Who else is terrified of writing? I've received a lot of helpful feedback pitching my ideas to friends, family, teachers, coworkers, but it's so hard for me to write consistently. Am I just afraid of failing?
Why even bother posting? Do you really expect to find a epiphinic answer here? Suppose a wise old sage was lurking the boards, for just this day, and happened upon this pathetic thread, bestowing his universal wisdom, would you even listen? I doubt you would, you sackless fiend. You'd avert your eyes and pretend you didn't see it, just to affirm your own wretched cowardice.
>>9315966
Realistically you're lazy, but there might be a fear of failure broiling up in those gruts as well.
>>9315997
>would you even listen? I doubt you would, you sackless fiend.

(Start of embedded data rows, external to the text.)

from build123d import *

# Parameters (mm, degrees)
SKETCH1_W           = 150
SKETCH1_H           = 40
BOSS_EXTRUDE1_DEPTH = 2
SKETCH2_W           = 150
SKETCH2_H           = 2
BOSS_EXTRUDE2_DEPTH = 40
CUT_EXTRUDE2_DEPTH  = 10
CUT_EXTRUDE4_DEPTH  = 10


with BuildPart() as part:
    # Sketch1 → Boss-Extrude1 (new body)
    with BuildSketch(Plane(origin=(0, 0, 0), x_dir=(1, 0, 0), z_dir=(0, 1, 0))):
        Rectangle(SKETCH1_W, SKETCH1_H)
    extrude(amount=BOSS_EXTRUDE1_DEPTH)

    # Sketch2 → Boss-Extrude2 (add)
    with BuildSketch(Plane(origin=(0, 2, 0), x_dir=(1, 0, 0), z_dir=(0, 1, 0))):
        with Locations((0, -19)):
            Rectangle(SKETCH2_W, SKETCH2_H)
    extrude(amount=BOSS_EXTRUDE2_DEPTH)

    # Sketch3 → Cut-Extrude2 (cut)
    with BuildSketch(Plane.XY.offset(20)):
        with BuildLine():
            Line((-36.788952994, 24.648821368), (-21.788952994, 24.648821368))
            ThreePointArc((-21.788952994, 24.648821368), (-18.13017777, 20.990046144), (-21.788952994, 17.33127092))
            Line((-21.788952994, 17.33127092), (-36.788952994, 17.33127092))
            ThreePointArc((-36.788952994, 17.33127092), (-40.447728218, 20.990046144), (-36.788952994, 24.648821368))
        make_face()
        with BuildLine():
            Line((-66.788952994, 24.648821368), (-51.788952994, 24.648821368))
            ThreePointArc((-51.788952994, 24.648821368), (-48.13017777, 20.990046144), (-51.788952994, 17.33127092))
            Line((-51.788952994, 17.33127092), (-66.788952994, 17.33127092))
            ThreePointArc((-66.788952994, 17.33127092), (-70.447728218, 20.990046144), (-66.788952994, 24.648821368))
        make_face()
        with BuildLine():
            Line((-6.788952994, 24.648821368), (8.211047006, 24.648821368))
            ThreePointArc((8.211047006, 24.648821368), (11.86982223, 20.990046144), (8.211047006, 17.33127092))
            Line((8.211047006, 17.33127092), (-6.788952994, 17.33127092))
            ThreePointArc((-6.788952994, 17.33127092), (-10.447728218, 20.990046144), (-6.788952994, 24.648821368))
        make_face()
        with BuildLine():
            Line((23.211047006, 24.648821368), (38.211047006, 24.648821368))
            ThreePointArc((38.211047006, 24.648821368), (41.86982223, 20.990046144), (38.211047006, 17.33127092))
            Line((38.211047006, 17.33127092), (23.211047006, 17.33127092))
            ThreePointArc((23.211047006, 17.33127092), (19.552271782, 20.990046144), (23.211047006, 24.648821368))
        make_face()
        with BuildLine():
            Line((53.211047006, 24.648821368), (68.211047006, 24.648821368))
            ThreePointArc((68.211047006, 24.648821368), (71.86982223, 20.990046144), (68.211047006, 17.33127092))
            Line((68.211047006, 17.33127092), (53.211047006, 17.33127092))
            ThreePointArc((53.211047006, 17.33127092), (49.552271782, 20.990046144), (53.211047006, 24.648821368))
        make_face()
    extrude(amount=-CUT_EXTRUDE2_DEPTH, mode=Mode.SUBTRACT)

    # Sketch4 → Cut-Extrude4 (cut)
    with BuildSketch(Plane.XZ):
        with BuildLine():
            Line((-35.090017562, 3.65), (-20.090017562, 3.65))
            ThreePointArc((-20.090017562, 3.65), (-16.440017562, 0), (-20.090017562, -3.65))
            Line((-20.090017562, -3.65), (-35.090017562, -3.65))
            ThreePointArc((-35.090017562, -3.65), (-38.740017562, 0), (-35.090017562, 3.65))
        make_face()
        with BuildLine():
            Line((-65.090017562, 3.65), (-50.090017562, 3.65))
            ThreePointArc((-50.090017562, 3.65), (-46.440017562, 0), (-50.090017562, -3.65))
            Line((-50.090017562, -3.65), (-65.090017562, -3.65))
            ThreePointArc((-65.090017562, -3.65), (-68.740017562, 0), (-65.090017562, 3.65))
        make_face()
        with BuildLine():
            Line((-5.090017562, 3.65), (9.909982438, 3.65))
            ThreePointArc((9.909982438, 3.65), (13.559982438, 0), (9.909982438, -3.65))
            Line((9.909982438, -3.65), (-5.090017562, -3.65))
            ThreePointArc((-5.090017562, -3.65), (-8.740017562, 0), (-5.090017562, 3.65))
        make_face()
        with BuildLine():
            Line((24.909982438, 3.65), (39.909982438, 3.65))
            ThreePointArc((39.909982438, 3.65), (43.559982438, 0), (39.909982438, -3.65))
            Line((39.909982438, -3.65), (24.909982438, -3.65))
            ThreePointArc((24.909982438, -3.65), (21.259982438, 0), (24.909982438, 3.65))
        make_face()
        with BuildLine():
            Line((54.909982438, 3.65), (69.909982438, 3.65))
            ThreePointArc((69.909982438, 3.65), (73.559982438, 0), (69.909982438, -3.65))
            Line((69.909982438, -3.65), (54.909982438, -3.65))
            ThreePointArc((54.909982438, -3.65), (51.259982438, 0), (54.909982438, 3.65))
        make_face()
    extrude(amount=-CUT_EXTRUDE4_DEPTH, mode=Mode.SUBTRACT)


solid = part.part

That's untrue. A lot of people aren't complete stuck, they just need that last push - to 'hear it from someone else'. OP could very well be one of those people.
>>9315966
Not me, my writing is fantastic and I regularly conceive of beautiful tidbits or word-plays in my head, the sort of stuff where you think 'I should write that down'. I never do though, no need, in the vastness of my ability I can afford to squander it all. There's a brilliant idea for a story I autistically enacted on the bus ride home just now I'm currently in the process of forgetting.
>>9316020
>conceived of
this bait had potential but that is a glaring flaw
>>9316013
Anytime, good luck anon
>>9315966
>Am I just afraid of failing?
it sounds like it, yes.
remember that the perfect is the enemy of the good. many great authors have lots of shit/mediocre stories that they wrote because they liked the process of writing itself (Kafka's Investigations of a dog comes to mind, plus he wrote 100x more than what he finally published). meanwhile "the mediocre are always at their best."
The point is to write a lot. Nobody wants to hear that, cause they're used to constipationally writing by focusing really hard on their own greatness and only squeezing a sentence out if it's perfect. But I've found that this leads to perfectly rhythmic sentences that are, unfortunately, meaningless.
Moreover, once you let go of your self-obsessed perfectionism, you'll find that you're actually enjoying the process and you're producing works that actually have a small chance of ever meaning anything to anybody (which isn't true when you're trying to be cool).
The hardest part is getting started. Try to write as fast as you can for 500 words, and once you do, you'll have "warmed up."
The thing about inspiration is that you have to get it flowing. It's not like a lightning bolt that hits you, at least not out of a clear blue sky. You have to shuffle your socks across the carpet to start to get a charge.
Once you find that you really enjoy it, you won't be so reliant on parents' or teachers' opinions of things.
I mean, imagine if you treated getting a GF like that? You would be afraid to get one cause of your parents high expectations? Maybe in that context you can see how absurd it is to rely on other people to tell you what should make you happy.
>>9316112
I appreciate this as well, anon. Thank you.